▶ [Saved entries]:
▬▬▬
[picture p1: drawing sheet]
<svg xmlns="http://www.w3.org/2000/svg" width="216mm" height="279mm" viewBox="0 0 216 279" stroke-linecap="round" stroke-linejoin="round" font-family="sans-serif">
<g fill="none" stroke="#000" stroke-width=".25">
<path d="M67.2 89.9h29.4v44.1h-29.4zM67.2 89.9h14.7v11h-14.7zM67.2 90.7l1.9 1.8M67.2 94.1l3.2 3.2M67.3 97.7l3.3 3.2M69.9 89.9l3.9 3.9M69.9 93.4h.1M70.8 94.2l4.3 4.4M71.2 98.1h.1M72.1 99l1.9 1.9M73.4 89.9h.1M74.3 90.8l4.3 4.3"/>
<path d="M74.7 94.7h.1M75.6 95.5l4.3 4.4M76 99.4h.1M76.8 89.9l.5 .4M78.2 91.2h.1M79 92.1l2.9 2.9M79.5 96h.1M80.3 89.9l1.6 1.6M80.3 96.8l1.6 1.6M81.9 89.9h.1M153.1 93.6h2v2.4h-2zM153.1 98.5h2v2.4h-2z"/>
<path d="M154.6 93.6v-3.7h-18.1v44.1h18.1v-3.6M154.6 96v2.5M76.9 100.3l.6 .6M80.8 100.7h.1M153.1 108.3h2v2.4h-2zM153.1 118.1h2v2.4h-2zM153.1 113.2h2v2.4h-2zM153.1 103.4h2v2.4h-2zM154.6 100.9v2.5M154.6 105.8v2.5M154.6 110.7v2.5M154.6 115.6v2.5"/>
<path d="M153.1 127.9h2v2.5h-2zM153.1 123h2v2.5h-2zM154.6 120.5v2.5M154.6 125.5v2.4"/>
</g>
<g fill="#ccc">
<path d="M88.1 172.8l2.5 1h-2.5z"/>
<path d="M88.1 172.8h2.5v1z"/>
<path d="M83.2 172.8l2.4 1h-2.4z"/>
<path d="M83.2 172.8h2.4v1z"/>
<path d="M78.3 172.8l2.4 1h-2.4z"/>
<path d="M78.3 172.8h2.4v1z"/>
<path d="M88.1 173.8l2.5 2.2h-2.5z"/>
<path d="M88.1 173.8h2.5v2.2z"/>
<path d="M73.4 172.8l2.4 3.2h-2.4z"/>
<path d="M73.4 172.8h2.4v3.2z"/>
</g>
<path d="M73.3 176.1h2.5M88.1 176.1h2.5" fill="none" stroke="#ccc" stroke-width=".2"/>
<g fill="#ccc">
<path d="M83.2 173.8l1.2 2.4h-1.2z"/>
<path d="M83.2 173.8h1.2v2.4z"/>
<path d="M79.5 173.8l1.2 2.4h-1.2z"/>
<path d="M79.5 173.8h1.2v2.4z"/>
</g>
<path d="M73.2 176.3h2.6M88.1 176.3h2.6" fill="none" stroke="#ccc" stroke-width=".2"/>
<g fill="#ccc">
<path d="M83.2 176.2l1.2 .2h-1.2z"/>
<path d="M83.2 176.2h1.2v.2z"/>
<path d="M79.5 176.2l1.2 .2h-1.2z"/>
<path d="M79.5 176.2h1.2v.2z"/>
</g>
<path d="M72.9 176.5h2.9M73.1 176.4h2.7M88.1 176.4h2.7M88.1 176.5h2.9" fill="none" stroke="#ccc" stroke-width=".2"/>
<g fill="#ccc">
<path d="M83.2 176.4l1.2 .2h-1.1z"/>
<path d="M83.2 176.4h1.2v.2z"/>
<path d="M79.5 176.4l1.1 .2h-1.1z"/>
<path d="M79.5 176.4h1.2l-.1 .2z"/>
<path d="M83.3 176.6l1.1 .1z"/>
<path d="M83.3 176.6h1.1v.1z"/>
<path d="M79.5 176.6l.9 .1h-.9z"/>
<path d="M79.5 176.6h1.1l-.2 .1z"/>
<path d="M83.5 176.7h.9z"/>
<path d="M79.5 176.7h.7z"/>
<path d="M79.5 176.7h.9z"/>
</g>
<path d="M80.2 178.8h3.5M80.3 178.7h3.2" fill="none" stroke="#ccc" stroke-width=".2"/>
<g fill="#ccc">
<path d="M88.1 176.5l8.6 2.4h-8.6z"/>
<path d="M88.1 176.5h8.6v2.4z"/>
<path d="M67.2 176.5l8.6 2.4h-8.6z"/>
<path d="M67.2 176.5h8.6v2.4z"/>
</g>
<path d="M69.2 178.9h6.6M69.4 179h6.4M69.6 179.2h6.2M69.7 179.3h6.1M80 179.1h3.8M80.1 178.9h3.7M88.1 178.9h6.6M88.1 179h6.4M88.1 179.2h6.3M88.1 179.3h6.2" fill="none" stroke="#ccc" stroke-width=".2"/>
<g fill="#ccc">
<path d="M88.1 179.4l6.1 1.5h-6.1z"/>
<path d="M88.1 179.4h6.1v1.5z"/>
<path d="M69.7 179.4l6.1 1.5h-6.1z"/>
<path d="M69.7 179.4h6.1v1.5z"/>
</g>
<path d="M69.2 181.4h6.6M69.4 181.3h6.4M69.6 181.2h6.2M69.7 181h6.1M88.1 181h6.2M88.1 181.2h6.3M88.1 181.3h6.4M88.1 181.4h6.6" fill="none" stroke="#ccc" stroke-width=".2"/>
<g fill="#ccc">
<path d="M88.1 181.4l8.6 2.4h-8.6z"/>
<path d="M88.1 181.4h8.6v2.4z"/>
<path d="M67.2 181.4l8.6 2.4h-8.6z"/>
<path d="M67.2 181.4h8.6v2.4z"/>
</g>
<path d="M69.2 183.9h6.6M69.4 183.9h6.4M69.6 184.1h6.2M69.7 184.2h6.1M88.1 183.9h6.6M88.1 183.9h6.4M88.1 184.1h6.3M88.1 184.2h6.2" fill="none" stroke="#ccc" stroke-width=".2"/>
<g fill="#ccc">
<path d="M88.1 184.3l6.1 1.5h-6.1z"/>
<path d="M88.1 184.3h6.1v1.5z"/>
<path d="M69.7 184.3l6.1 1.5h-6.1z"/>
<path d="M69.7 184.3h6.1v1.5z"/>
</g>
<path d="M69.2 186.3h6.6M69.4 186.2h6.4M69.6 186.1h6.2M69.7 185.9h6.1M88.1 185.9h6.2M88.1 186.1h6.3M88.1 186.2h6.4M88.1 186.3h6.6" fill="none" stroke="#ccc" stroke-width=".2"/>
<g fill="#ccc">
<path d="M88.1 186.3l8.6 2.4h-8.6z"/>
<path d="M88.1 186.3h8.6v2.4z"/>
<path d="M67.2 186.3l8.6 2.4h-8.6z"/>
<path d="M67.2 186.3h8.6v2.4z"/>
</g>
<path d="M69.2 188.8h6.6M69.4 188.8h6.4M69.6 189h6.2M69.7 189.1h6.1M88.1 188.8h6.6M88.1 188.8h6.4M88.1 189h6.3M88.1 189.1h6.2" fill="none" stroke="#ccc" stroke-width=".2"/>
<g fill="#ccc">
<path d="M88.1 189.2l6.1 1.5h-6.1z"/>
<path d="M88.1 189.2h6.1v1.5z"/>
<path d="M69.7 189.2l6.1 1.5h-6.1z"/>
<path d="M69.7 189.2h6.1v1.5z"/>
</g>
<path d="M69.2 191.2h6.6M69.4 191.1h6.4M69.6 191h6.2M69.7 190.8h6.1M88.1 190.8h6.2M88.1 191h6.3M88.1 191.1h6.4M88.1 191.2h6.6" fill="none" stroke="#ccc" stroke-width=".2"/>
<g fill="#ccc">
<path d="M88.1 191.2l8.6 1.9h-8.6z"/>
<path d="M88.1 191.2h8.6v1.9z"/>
▬▬▬
▶ [Aim of the task]: Word for word, write out all of the entries.

▶ [Output]:
[picture p1: drawing sheet]
<svg xmlns="http://www.w3.org/2000/svg" width="216mm" height="279mm" viewBox="0 0 216 279" stroke-linecap="round" stroke-linejoin="round" font-family="sans-serif">
<g fill="none" stroke="#000" stroke-width=".25">
<path d="M67.2 89.9h29.4v44.1h-29.4zM67.2 89.9h14.7v11h-14.7zM67.2 90.7l1.9 1.8M67.2 94.1l3.2 3.2M67.3 97.7l3.3 3.2M69.9 89.9l3.9 3.9M69.9 93.4h.1M70.8 94.2l4.3 4.4M71.2 98.1h.1M72.1 99l1.9 1.9M73.4 89.9h.1M74.3 90.8l4.3 4.3"/>
<path d="M74.7 94.7h.1M75.6 95.5l4.3 4.4M76 99.4h.1M76.8 89.9l.5 .4M78.2 91.2h.1M79 92.1l2.9 2.9M79.5 96h.1M80.3 89.9l1.6 1.6M80.3 96.8l1.6 1.6M81.9 89.9h.1M153.1 93.6h2v2.4h-2zM153.1 98.5h2v2.4h-2z"/>
<path d="M154.6 93.6v-3.7h-18.1v44.1h18.1v-3.6M154.6 96v2.5M76.9 100.3l.6 .6M80.8 100.7h.1M153.1 108.3h2v2.4h-2zM153.1 118.1h2v2.4h-2zM153.1 113.2h2v2.4h-2zM153.1 103.4h2v2.4h-2zM154.6 100.9v2.5M154.6 105.8v2.5M154.6 110.7v2.5M154.6 115.6v2.5"/>
<path d="M153.1 127.9h2v2.5h-2zM153.1 123h2v2.5h-2zM154.6 120.5v2.5M154.6 125.5v2.4"/>
</g>
<g fill="#ccc">
<path d="M88.1 172.8l2.5 1h-2.5z"/>
<path d="M88.1 172.8h2.5v1z"/>
<path d="M83.2 172.8l2.4 1h-2.4z"/>
<path d="M83.2 172.8h2.4v1z"/>
<path d="M78.3 172.8l2.4 1h-2.4z"/>
<path d="M78.3 172.8h2.4v1z"/>
<path d="M88.1 173.8l2.5 2.2h-2.5z"/>
<path d="M88.1 173.8h2.5v2.2z"/>
<path d="M73.4 172.8l2.4 3.2h-2.4z"/>
<path d="M73.4 172.8h2.4v3.2z"/>
</g>
<path d="M73.3 176.1h2.5M88.1 176.1h2.5" fill="none" stroke="#ccc" stroke-width=".2"/>
<g fill="#ccc">
<path d="M83.2 173.8l1.2 2.4h-1.2z"/>
<path d="M83.2 173.8h1.2v2.4z"/>
<path d="M79.5 173.8l1.2 2.4h-1.2z"/>
<path d="M79.5 173.8h1.2v2.4z"/>
</g>
<path d="M73.2 176.3h2.6M88.1 176.3h2.6" fill="none" stroke="#ccc" stroke-width=".2"/>
<g fill="#ccc">
<path d="M83.2 176.2l1.2 .2h-1.2z"/>
<path d="M83.2 176.2h1.2v.2z"/>
<path d="M79.5 176.2l1.2 .2h-1.2z"/>
<path d="M79.5 176.2h1.2v.2z"/>
</g>
<path d="M72.9 176.5h2.9M73.1 176.4h2.7M88.1 176.4h2.7M88.1 176.5h2.9" fill="none" stroke="#ccc" stroke-width=".2"/>
<g fill="#ccc">
<path d="M83.2 176.4l1.2 .2h-1.1z"/>
<path d="M83.2 176.4h1.2v.2z"/>
<path d="M79.5 176.4l1.1 .2h-1.1z"/>
<path d="M79.5 176.4h1.2l-.1 .2z"/>
<path d="M83.3 176.6l1.1 .1z"/>
<path d="M83.3 176.6h1.1v.1z"/>
<path d="M79.5 176.6l.9 .1h-.9z"/>
<path d="M79.5 176.6h1.1l-.2 .1z"/>
<path d="M83.5 176.7h.9z"/>
<path d="M79.5 176.7h.7z"/>
<path d="M79.5 176.7h.9z"/>
</g>
<path d="M80.2 178.8h3.5M80.3 178.7h3.2" fill="none" stroke="#ccc" stroke-width=".2"/>
<g fill="#ccc">
<path d="M88.1 176.5l8.6 2.4h-8.6z"/>
<path d="M88.1 176.5h8.6v2.4z"/>
<path d="M67.2 176.5l8.6 2.4h-8.6z"/>
<path d="M67.2 176.5h8.6v2.4z"/>
</g>
<path d="M69.2 178.9h6.6M69.4 179h6.4M69.6 179.2h6.2M69.7 179.3h6.1M80 179.1h3.8M80.1 178.9h3.7M88.1 178.9h6.6M88.1 179h6.4M88.1 179.2h6.3M88.1 179.3h6.2" fill="none" stroke="#ccc" stroke-width=".2"/>
<g fill="#ccc">
<path d="M88.1 179.4l6.1 1.5h-6.1z"/>
<path d="M88.1 179.4h6.1v1.5z"/>
<path d="M69.7 179.4l6.1 1.5h-6.1z"/>
<path d="M69.7 179.4h6.1v1.5z"/>
</g>
<path d="M69.2 181.4h6.6M69.4 181.3h6.4M69.6 181.2h6.2M69.7 181h6.1M88.1 181h6.2M88.1 181.2h6.3M88.1 181.3h6.4M88.1 181.4h6.6" fill="none" stroke="#ccc" stroke-width=".2"/>
<g fill="#ccc">
<path d="M88.1 181.4l8.6 2.4h-8.6z"/>
<path d="M88.1 181.4h8.6v2.4z"/>
<path d="M67.2 181.4l8.6 2.4h-8.6z"/>
<path d="M67.2 181.4h8.6v2.4z"/>
</g>
<path d="M69.2 183.9h6.6M69.4 183.9h6.4M69.6 184.1h6.2M69.7 184.2h6.1M88.1 183.9h6.6M88.1 183.9h6.4M88.1 184.1h6.3M88.1 184.2h6.2" fill="none" stroke="#ccc" stroke-width=".2"/>
<g fill="#ccc">
<path d="M88.1 184.3l6.1 1.5h-6.1z"/>
<path d="M88.1 184.3h6.1v1.5z"/>
<path d="M69.7 184.3l6.1 1.5h-6.1z"/>
<path d="M69.7 184.3h6.1v1.5z"/>
</g>
<path d="M69.2 186.3h6.6M69.4 186.2h6.4M69.6 186.1h6.2M69.7 185.9h6.1M88.1 185.9h6.2M88.1 186.1h6.3M88.1 186.2h6.4M88.1 186.3h6.6" fill="none" stroke="#ccc" stroke-width=".2"/>
<g fill="#ccc">
<path d="M88.1 186.3l8.6 2.4h-8.6z"/>
<path d="M88.1 186.3h8.6v2.4z"/>
<path d="M67.2 186.3l8.6 2.4h-8.6z"/>
<path d="M67.2 186.3h8.6v2.4z"/>
</g>
<path d="M69.2 188.8h6.6M69.4 188.8h6.4M69.6 189h6.2M69.7 189.1h6.1M88.1 188.8h6.6M88.1 188.8h6.4M88.1 189h6.3M88.1 189.1h6.2" fill="none" stroke="#ccc" stroke-width=".2"/>
<g fill="#ccc">
<path d="M88.1 189.2l6.1 1.5h-6.1z"/>
<path d="M88.1 189.2h6.1v1.5z"/>
<path d="M69.7 189.2l6.1 1.5h-6.1z"/>
<path d="M69.7 189.2h6.1v1.5z"/>
</g>
<path d="M69.2 191.2h6.6M69.4 191.1h6.4M69.6 191h6.2M69.7 190.8h6.1M88.1 190.8h6.2M88.1 191h6.3M88.1 191.1h6.4M88.1 191.2h6.6" fill="none" stroke="#ccc" stroke-width=".2"/>
<g fill="#ccc">
<path d="M88.1 191.2l8.6 1.9h-8.6z"/>
<path d="M88.1 191.2h8.6v1.9z"/>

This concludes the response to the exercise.